Have you tried deleting all the OTA's, power cord re-booting and then re-adding the OTA's by SCAN or ADD? It is also a very good practice to delete the timers and re-add them so they can map properly to the correct channels. Some CRS's are much better than others. Some even know what they are talking about. The one you talked too, must rely on rumors, smoke, and mirrors


----------



## Rob Glasser (Feb 22, 2005)

jal said:


> Also, when attempting to tune to an OTA, if the receiver cannot lock on, the channel info identifies the wrong channel. For example, tonight I attempted to tune into the CBS Evening News in Cleveland on 19-01. Because of the weather, the signal was too weak, so I switched to 3-01, which is NBC. So, the NBC News is on, but the 921 banner and info states that it is 19-01 and the CBS Evening News.


I had this happen to me on L211. I was able to fix it with a soft power reset. Didn't have to delete and readd the channels.


----------



## jal (Mar 3, 2005)

Well, to my surprise, a knowledgeable advanced tech called me this morning, and had me restore to factory default, then rescan the channels. Everything seems OK now, but I haven't had time to test the timers yet.


----------



## Tomos (Jan 16, 2005)

jal said:


> Well, to my surprise, a knowledgeable advanced tech called me this morning, and had me restore to factory default, then rescan the channels. Everything seems OK now, but I haven't had time to test the timers yet.


Yeah that worked for me as well and it also gave me back the ability to change channels from 3 past 101 and back again without using the guide.


----------



## Michael P (Oct 27, 2004)

I have the exact same problem. See my bug report (especially if you need proof that someone else has reported the same problem) http://www.dbstalk.com/showthread.php?t=38894

BTW: I'm in Seven Hills (1.3 miles from WOIO & WKYC). Do you get pulsation (especially with the color red) when watching 19-01's picture live? I found a fix (although this should not need to be done - but it works) watch 19-01 on a 2 second delay (hit pause, wait for the buffer to start, then hit play).

I think WOIO's engineering staff is still trying to get the bugs out of their digital signal.

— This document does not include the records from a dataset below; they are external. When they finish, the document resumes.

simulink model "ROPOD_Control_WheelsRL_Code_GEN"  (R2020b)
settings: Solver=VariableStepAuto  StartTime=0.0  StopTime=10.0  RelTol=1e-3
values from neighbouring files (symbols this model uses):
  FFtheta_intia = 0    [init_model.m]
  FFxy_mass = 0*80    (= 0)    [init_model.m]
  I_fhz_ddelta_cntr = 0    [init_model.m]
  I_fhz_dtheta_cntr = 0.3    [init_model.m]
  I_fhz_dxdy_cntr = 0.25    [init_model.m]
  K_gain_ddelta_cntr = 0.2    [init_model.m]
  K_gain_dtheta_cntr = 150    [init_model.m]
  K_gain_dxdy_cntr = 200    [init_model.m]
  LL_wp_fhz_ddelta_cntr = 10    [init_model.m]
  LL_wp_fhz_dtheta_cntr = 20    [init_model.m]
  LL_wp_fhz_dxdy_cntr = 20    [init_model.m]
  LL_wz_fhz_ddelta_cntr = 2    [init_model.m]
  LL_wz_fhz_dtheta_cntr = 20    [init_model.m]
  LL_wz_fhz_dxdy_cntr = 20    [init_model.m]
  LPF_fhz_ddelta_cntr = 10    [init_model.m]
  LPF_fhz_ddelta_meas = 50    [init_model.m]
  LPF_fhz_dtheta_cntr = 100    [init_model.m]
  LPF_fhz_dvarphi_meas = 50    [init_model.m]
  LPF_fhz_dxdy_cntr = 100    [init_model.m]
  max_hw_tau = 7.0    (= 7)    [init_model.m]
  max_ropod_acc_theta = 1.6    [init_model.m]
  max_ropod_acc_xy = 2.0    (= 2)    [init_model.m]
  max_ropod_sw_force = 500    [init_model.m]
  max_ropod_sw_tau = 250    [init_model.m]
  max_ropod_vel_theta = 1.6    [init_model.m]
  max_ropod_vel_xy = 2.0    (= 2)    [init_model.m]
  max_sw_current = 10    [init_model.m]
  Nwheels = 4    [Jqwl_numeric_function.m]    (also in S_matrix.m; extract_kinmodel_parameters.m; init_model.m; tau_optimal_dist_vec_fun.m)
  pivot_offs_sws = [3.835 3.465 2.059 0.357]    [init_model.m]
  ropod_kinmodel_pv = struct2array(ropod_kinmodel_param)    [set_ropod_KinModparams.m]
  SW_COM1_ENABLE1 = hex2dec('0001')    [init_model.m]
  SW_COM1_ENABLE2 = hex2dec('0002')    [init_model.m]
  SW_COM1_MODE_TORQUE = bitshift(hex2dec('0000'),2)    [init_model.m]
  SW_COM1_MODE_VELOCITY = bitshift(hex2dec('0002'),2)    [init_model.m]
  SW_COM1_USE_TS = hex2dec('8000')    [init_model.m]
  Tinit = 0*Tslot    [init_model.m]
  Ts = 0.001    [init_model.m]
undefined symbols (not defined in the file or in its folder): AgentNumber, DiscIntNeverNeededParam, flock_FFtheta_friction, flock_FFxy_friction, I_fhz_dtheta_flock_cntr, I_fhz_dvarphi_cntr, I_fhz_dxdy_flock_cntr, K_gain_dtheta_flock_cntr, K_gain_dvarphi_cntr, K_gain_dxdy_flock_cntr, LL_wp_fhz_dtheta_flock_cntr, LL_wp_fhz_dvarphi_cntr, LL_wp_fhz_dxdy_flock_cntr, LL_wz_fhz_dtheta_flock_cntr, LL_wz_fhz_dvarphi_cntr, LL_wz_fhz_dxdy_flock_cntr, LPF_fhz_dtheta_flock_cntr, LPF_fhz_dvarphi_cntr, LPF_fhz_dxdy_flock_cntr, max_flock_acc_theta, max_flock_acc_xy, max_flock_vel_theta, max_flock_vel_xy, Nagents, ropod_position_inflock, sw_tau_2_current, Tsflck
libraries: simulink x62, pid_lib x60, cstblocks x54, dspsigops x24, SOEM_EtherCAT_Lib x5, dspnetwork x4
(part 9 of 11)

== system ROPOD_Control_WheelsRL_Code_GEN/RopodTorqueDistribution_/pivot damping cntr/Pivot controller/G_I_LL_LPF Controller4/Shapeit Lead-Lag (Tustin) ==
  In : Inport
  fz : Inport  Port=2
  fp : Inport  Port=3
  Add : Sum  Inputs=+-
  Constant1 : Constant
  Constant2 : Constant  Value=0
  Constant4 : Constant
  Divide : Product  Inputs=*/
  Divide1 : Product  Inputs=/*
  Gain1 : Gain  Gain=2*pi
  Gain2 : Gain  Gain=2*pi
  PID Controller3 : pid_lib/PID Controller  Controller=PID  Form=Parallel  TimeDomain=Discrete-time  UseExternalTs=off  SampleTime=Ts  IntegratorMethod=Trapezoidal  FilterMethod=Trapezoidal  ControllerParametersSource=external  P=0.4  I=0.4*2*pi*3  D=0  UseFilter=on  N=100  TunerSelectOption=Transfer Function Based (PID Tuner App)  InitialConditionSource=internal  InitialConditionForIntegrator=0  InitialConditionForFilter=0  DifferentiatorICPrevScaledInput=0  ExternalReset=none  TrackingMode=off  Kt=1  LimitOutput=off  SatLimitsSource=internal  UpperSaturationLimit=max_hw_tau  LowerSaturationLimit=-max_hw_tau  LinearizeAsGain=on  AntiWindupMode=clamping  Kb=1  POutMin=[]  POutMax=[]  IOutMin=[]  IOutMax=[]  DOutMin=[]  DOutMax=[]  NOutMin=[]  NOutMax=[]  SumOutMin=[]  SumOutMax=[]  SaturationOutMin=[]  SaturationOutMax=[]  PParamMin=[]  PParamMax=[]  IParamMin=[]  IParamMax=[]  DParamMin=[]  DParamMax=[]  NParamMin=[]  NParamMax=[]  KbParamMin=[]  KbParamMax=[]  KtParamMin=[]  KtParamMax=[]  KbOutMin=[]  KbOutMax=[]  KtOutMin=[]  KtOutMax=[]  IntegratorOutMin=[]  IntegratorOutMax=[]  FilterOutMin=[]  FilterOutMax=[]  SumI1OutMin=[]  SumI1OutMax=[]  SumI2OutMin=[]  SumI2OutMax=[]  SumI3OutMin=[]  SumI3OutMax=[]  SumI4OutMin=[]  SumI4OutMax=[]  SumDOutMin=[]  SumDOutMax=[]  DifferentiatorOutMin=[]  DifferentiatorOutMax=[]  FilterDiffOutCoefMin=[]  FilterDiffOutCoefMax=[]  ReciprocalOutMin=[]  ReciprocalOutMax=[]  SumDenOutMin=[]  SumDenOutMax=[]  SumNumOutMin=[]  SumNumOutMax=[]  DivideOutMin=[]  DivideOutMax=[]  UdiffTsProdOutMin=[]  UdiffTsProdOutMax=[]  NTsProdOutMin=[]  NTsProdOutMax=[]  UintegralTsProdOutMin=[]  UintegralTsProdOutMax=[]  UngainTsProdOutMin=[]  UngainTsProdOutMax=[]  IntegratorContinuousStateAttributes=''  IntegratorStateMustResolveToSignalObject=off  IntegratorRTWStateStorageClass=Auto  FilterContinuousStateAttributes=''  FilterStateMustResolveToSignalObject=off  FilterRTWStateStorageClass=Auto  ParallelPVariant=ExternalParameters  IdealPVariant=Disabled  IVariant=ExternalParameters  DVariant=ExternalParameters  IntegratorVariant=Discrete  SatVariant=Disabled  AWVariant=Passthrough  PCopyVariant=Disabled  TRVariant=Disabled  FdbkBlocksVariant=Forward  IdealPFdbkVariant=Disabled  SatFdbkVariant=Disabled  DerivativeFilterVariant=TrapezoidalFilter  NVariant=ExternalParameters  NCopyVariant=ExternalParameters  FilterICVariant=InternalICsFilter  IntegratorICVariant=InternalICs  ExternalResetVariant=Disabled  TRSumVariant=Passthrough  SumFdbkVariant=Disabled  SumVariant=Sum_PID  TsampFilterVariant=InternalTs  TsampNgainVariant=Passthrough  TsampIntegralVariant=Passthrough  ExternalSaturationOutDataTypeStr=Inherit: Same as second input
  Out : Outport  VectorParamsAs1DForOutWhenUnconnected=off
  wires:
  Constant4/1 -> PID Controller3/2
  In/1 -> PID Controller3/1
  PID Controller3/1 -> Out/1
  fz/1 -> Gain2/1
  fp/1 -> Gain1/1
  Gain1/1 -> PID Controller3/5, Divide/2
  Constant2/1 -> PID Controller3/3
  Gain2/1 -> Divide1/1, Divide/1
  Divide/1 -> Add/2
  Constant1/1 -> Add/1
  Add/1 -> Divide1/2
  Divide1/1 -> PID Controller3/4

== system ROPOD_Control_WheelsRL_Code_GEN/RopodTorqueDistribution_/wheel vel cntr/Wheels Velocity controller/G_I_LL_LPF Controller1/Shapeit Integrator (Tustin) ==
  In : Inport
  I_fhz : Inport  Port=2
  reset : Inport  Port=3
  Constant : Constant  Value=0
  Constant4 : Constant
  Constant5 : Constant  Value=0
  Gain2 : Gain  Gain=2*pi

I don't believe this is a 921 issue, as all the rest of the Cleveland locals look fine.

Do you get a lock on WVIZ? I have yet to, and I'm only ~3 miles from where they are transmitting digitally (the studio on Brookpark Rd.- see their web page for more info.)


----------



## jal (Mar 3, 2005)

Hi Michael. No, I can't get any signal for WVIZ, out near Chagrin Falls. I can get everthing else fine, with one problem. For some reason, if my antenna is adjusted for 43-01, 19-01 and 8-01 are weak. I'm thinking of just bagging 43-01, so I have strong signals on 8 and 19.

Also, with all the problems with the 921, I've even considered returning to the dark side (Adelphia).


----------



## Michael P (Oct 27, 2004)

It's strange that when you are aimed at 43 8 & 19 get weak. I live next to the antenna farm, 43 is in the center of the pack! 8 is just south of 43, while 19 is the farthest north. If you aim at 43 you shuld get 5 well too, they are almost next door to each other on State Rd.

From Chagrin Falls I would guess everything is more or less due west. Have you visited antennaweb.org to get the compass directions of all the stations? You put your zip-code including the +4 and it will print a map of your neighborhood! It's failry accurate.

BTW 19 & 3 are very close together and broadcast their digital signals in the VHF band (WKYC-DT is ch 2, WOIO-DT is ch 10). You could probably get better results with seperate VHF only and UHF only antennas. You can combine them with a V/U combiner (rather that a generic splitter).

How is your picture on 19-01? The problem I'm having may be related to the SD output only - someone in Detroit had the same problem on WDIV but only in SD. The 2-second pause worked for him. I currently only have an SD monitor so I can't tell if the problem is on my HD output yet.


----------